Wherever Georgia Jones-Ayers went, she carried the yellowed deed to her grandmother’s home.
The narrow strip of paper was a physical reminder of that rainy day in August 1947, when police dragged her grandmother and dozens of other black families from their homes to make way for a school for white children.
The injustice of it, when Jones-Ayers was just a teenager, sparked a lifetime of activism. Among the things she fought for: renaming the school, now called Allapattah Middle, to honor the displaced.
It never happened in her lifetime. She died in February at age 86. But on Wednesday, the Miami-Dade County School Board finally granted the late activist’s wish, moving to rename the school Georgia Jones-Ayers Middle.
“For the young ones who didn’t go through what she went through, they will know the history,” said her son, George Jones. “It was important for her that they not forget where they came from.”
Kenneth Kilpatrick — who heads The Alternative Program, which Jones-Ayers helped launch to steer first-time offenders away from the criminal justice system — called the renaming “poetic justice.”
In 1918, the Ayers family built themselves a home in a section of the city then called the Railroad Shop Colored Addition. It was one of the few areas where blacks could own land, and a neighborhood was carved out for railroad workers like her father. Years later, Jones-Ayers would reminisce about the bountiful mango trees that grew in her family’s yard.
Some families had lived in the Railroad Shop for decades by the time the local school board decided to build a school there. The board swiftly got a condemnation order for the whole neighborhood, even as a number of families tried to block their evictions in court.
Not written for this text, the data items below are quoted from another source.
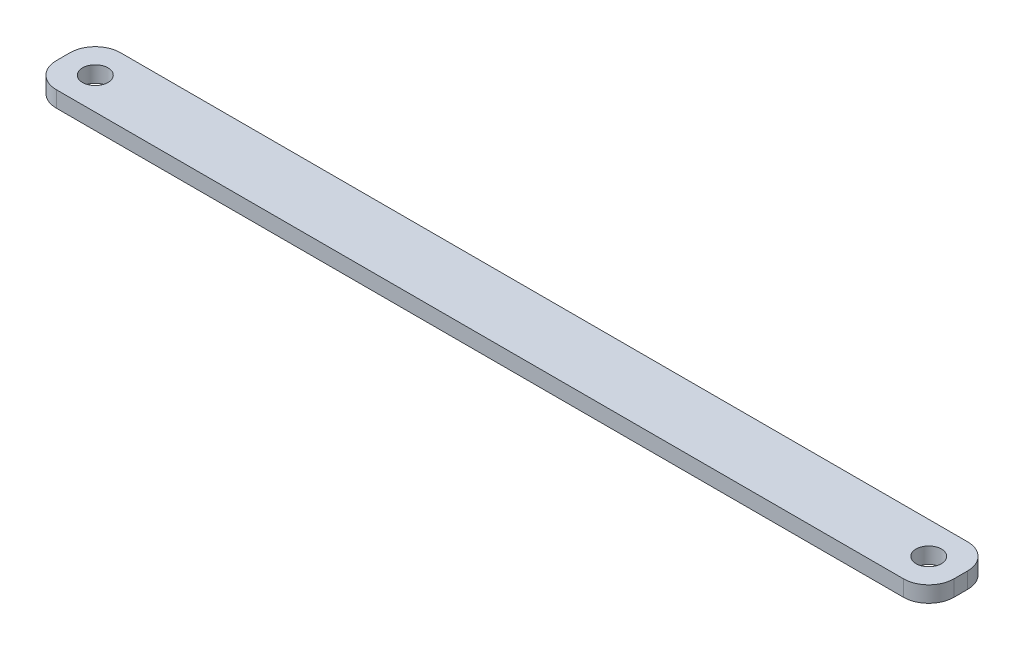
SolidWorks part; units mm, degrees
material "5052-O"
ref_plane "Front Plane" through (0, 0, 0) normal (0, 0, 1) x (1, 0, 0)
ref_plane "Top Plane" through (0, 0, 0) normal (0, 1, 0) x (1, 0, 0)
ref_plane "Right Plane" through (0, 0, 0) normal (1, 0, 0) x (0, 0, -1)
sketch "Sketch1" plane through (0, 0, 0) normal (0, 1, 0) x (1, 0, 0)
  line L1 (-177.8, -12.7) -> (177.8, -12.7)
  line L2 (-177.8, -12.7) -> (-177.8, 12.7)
  line L3 (-177.8, 12.7) -> (177.8, 12.7)
  line L4 (177.8, -12.7) -> (177.8, 12.7)
  line L5 (-177.8, -12.7) -> (177.8, 12.7) construction
  line L6 (-177.8, 12.7) -> (177.8, -12.7) construction
  point P0 (0, 0)
  dimension "D1" = 25.4
  dimension "D2" = 355.6
extrude "Boss-Extrude1" add sketch "Sketch1" along normal mid plane 6.35
fillet "Fillet1" radius 10 4 edges at (177.8, 0, -12.7) (177.8, 0, 12.7) (-177.8, 0, -12.7) (-177.8, 0, 12.7)
sketch "Sketch2" plane through (0, 3.175, 0) normal (0, 1, 0) x (1, 0, 0)
  line L0 (0, -36.7292) -> (0, 36.7292) construction
  line L1 (165.1, 0) -> (-165.1, 0) construction
  line L2 (-177.8, 2.7) -> (-177.8, -2.7) construction
  point P10 (0, 0)
  point P11 (0, 0)
  dimension "D1" = 12.7
hole_wizard "3/8 Clearance Hole1" positions "Sketch5" profile "Sketch7" hole size "3/8" standard "ANSI Inch" end condition through all
sketch "Sketch5" plane through (0, 3.175, 0) normal (0, 1, 0) x (1, 0, 0)
  point P0 (165.1, 0)
  point P3 (-165.1, 0)
sketch "Sketch7" plane through (165.1, 3.175, 0) normal (1, 0, 0) x (0, 0, 1)
  line L0 (0, 0) -> (0, 6.35)
  line L1 (0, 6.35) -> (5.0419, 6.35)
  line L2 (5.0419, 6.35) -> (5.0419, 0)
  line L5 (5.0419, 0) -> (0, 0)
  line L11 (0, -6.35) -> (0, 107.95) construction
  dimension "Thru Hole Dia." = 10.0838
  dimension "Thru Hole Depth" = 6.35
sketch "Sketch9" plane through (0, 3.175, 0) normal (0, 1, 0) x (1, 0, 0)
  line L0 (-177.8, 2.7) -> (-177.8, -2.7) construction
  line L1 (-142.875, -6.35) -> (-136.525, -6.35)
  line L2 (-142.875, -6.35) -> (-142.875, -9.525)
  line L3 (-142.875, -9.525) -> (-136.525, -9.525)
  line L4 (-136.525, -6.35) -> (-136.525, -9.525)
  line L5 (-142.875, -6.35) -> (-136.525, -9.525) construction
  line L6 (-142.875, -9.525) -> (-136.525, -6.35) construction
  line L7 (-167.8, -12.7) -> (167.8, -12.7) construction
  point P4 (-139.7, -7.9375)
  dimension "D1" = 3.175
  dimension "D2" = 6.35
  dimension "D3" = 38.1
  dimension "D4" = 3.175
extrude "Cut-Extrude2" [suppressed] cut sketch "Sketch9" against normal through all
fillet "Fillet2" [suppressed] radius 0.635
pattern_linear "LPattern1" [suppressed] count 3 spacing 69.85 of bodies 105
mirror "Mirror1" [suppressed] about plane through (0, 0, 0) normal (1, 0, 0)

They lost. About 35 families who refused to leave were forced out by police. Their belongings were thrown onto their front lawns. The doors were padlocked, the windows were boarded, and “No Trespassing” signs went up. It began to rain.
A newspaper account at the time quoted one woman, Alean Johnson, cradling her 6-month-old and crying, “Where am I going with this baby? God isn’t pleased with this, I know.”
The lucky ones were able to spend the night with family nearby. Others spent the night outside, surrounded by their soggy belongings.
For years, Jones-Ayers organized reunions every summer for the families who were evicted. She pushed back against calling the area Allapattah, as it’s now known, and led efforts to rename local streets and landmarks after the families who first called the neighborhood home. She succeeded in getting Allapattah elementary local school named after the first African-American Florida teacher of the year, Lenora B. Smith. On Wednesday, it was Jones-Ayers’ turn.
“We will never right the wrongs that were done to those families, but this is a big step in trying to heal the community,” said public defender Carlos J. Martinez.
The family of school board member Dorothy Bendross-Mindingall was one of those who lost their home to make way for the school. On Wednesday, she voted to rename the school after Jones-Ayers.
“It’s come full circle. No one on this board has any disagreement. No one. That’s the beauty of where we are now,” Bendross-Mindingall said.
In other business, the board approved regular attendance boundaries for three Coral Gables elementary schools: Coral Gables Preparatory, George Washington Carver and Sunset. The decision does away with a lottery system that was in place, which was originally started as a way to racially integrate schools.